Never having read a "romance" novel, I picked up Outlander not realizing it fell, loosely, in the genre. I was hooked by it and devoured all four novels. (I think Drums of Autumn comes closest to Outlander in sheer enjoyment -- my personal aside.) I will now read several recommended "romance" novelists -- perhaps only to discover why certain regular romance readers did not love Outlander and its sequels! But I will keep my hopes high! I like your writing style! Cleverly constructed, well phrased. Keep up your own writing.

REVIEWS:
*- The Outlander series is really good and now I am hooked on them just like all my freinds. Well, before I read any book series I HAVE to get most of them before I start to read any of them and I hate to read novels out of sequence. Outlander was a delight! My friends were RIGHT! It WAS good and I did like it! I too fell in love with Jamie. In fact I felt sorry for the bloke! What he went through!! I cried for him, hurt for him, was enraged with everything he went through, right along with the heroine. I wanted to pummel Captain Randell so many times, even wanted to smack Jamie a couple of times for being so stubborn! Gabaldon not only brought the characters to life but the time period as well. I really felt I was in Jacobite Scotland. She is an extraordinary storyteller. The book was suspenseful and filled with intrique as well as with romance. I'd still like to know who hit Jamie on the back of the head. She never really explained that. Several characters where suspected, but none admitted to it. While slow in places, especially when the heroine was talking about the historical aspects of the time period or something that had to do with healing, the book had a nice pace and did keep me interested until the end. In fact when I reached the end I wanted MORE! Thank goodness there IS a second book! I have begun Dragonfly in Amber and already it has me intrigued and in tears! *- Be warned, you won't get anything else done while reading it.

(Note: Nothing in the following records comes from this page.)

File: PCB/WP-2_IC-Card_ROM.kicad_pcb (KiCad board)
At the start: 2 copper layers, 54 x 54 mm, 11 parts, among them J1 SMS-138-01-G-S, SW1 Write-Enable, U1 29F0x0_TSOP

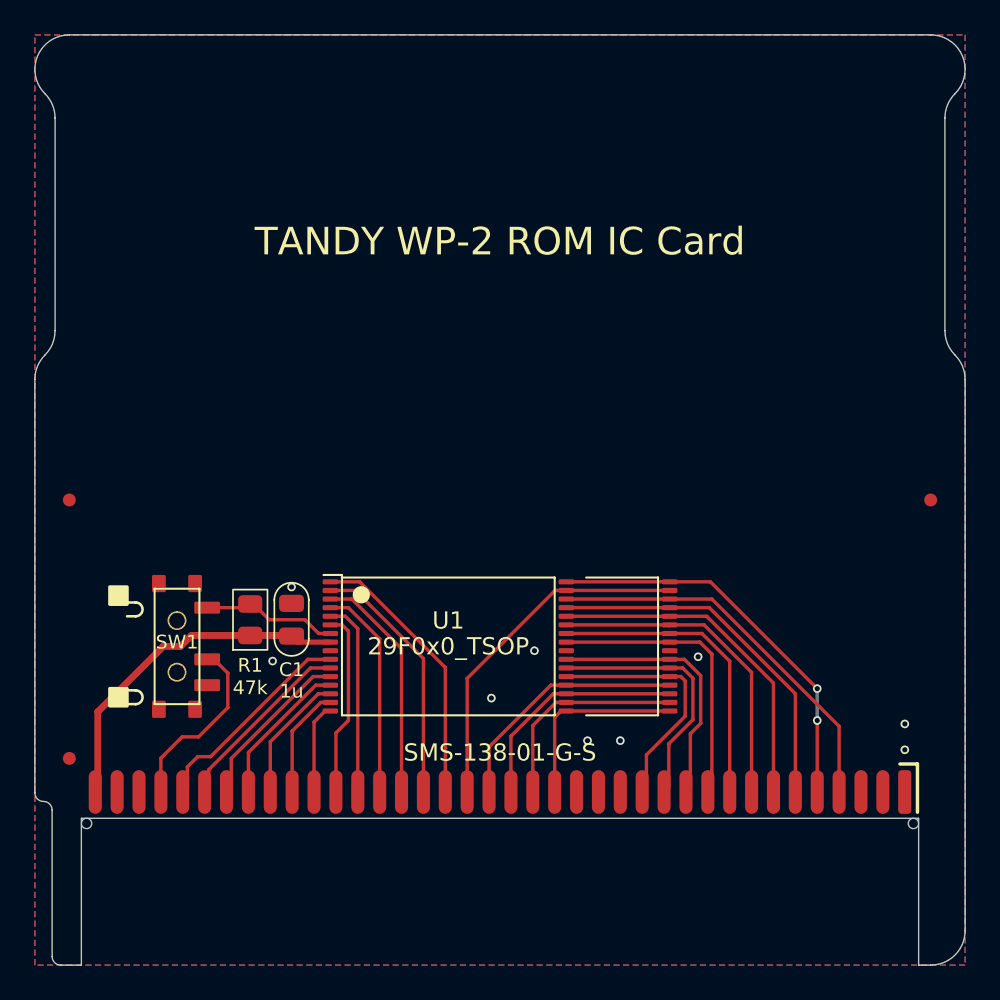
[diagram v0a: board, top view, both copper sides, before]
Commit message: update covers for flash & mram with bank sw & write sw
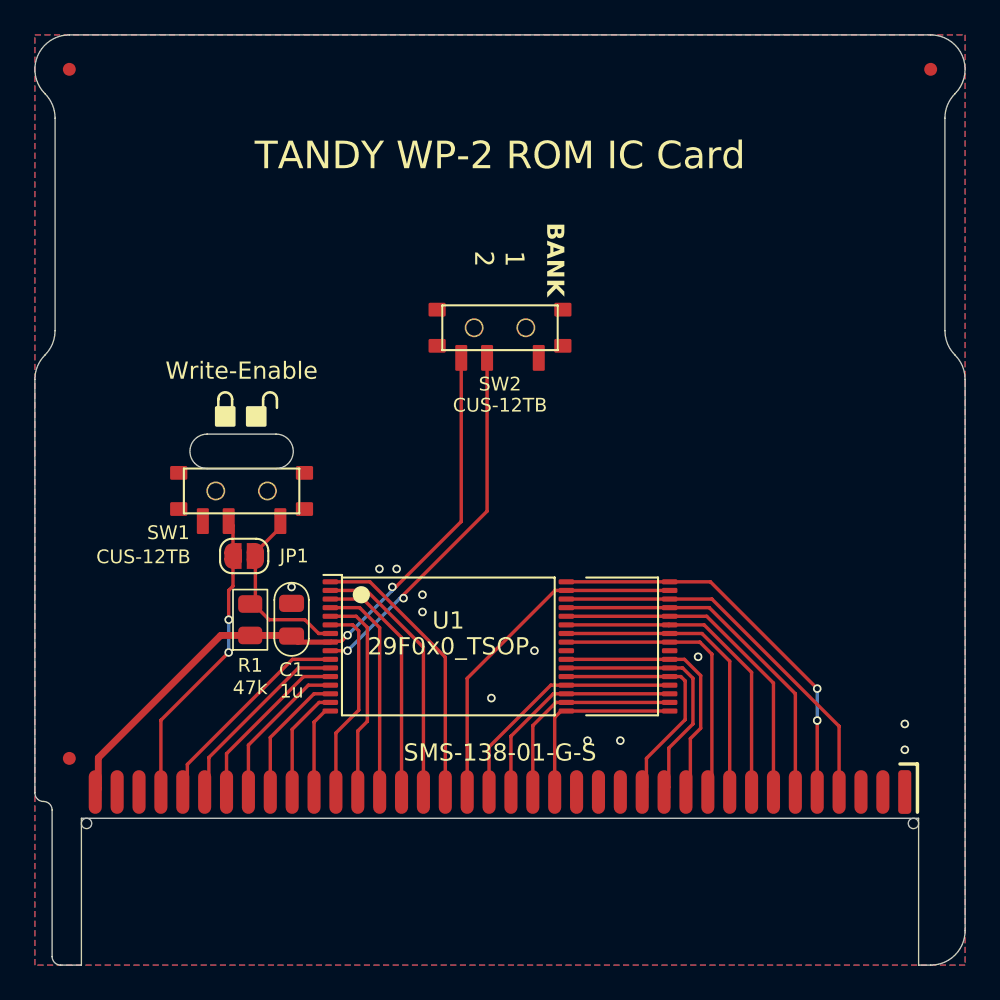
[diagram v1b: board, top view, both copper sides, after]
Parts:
- added JP1: WREN, 000_LOCAL:SolderJumper-2_open, F.Cu at (121.0, 102.9)
- added SW2: CUS-12TB, 000_LOCAL:CUS-12TB pth, F.Cu at (135.9, 89.7)
- N1: value WP-2_IC-Card_Cover_ROM -> WP-2_IC_Card_Cover_ROM
- SW1: value Write-Enable -> CUS-12TB; footprint 000_LOCAL:CUS-12TB pth -> 000_LOCAL:CUS-12TB slot pth
- moved REF** 25.0 mm to (110.9, 74.7)
- moved REF** 25.0 mm to (160.9, 74.7)
- moved SW1 9.77 mm to (120.9, 99.2), turned to 180 degrees
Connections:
- U1 pad 9: GND -> /A18
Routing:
- net /A18: track 0.00 -> 21.4 mm, vias 0 -> 2
- net VCC: track 20.2 -> 38.8 mm, vias 0 -> 2
- net /R~{W}: track 10.6 -> 17.6 mm, vias 0 -> 2
- net /~{WE}: track 7.95 -> 11.1 mm
- net /A7: track 10.8 -> 11.7 mm
- net /A8: track 11.4 -> 12.2 mm
- net GND: vias 9 -> 12
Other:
- board text added: "1 2"

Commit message: update pics
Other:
- board text added: "PCB THICKNESS 1.2mm"
- board text removed: "PCB thickness 1.2mm"
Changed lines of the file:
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@@
 		(at 135.89 89.695 180)
 		(property "Reference" "SW2"
-			(at 0 -3.275 360)
+			(at 0 -3.275 0)
 			(layer "F.SilkS")
 			(effects
@@
 		)
 		(property "Footprint" "000_LOCAL:CUS-12TB pth"
-			(at 0 0 360)
+			(at 0 0 0)
 			(layer "F.Fab")
 			(hide yes)
@@
 		)
 		(property "Datasheet" "datasheets/cus.pdf"
-			(at 0 0 360)
+			(at 0 0 0)
 			(layer "F.Fab")
 			(hide yes)
@@
 		)
 		(property "Description" "Switch, 2 position, single pole 2 throw, 2 position switch, SPDT"
-			(at 0 0 360)
+			(at 0 0 0)
 			(layer "F.Fab")
 			(hide yes)
@@
 		)
 		(property "LABEL" "BANK"
-			(at -3.2 3.95 270)
+			(at -3.2 3.95 -90)
 			(unlocked yes)
 			(layer "F.SilkS")
@@
 		(fp_arc
 			(start 25.828427 -22.171574)
-			(mid 25.980661 -22.936945)
+			(mid 25.980667 -22.936939)
 			(end 26.414213 -23.585788)
 			(stroke
@@
 		(fp_arc
 			(start 26.414214 -8.414214)
-			(mid 25.980662 -9.063056)
+			(mid 25.98065 -9.063055)
 			(end 25.828427 -9.828428)
 			(stroke
@@
 		)
 	)
-	(gr_text "PCB thickness 1.2mm"
-		(at 135.89 67.195 0)
+	(gr_text "PCB THICKNESS 1.2mm"
+		(at 135.89 69.695 0)
 		(layer "Eco1.User")
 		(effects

Now, I wouldn't go around calling it academic literature or anything, but as an escapist novel, it is divine. I hate romance fussy stuff, *never* read romance novels, and I adored this book. Yet it is about a love story, and it has plenty of 'adult fun time' described in it to support the romantic relationship the two main characters have to each other. So a romance novel it is I suppose. And yet one that is well written, tight, with great plot control and well developed characters; tense thrills and wonderfully researched history. It is one of the rare novels in which, after putting it aside for a few days, I still have to remind myself that the characters are not real and I am not, in fact, living in 18th century Scotland and my

husband will laugh at me if I talk with a brogue. It's so incredibly engaging! I enjoyed every minute of this work. I highly recommend it. *- Outlander, the first book in Gabaldon's Outlander Series, is one of the best books I've ever read! Claire and her husband go to Scotland for a second honeymoon shortly after WWII. While on a walk, Claire touches a stone and is transported back to Scotland in the 1700's. She meets Jamie Frasier and their incredible love affair, adventure, epic saga beings. There is something for everyone in Gabaldon's Outlander series: history, adventure, romance, time travel, warfare, even a touch of veiled eroticism here and there. Do not be afraid of the size of Gabaldon's books - you will be sad when they end and look forward to the next one with much anticipation.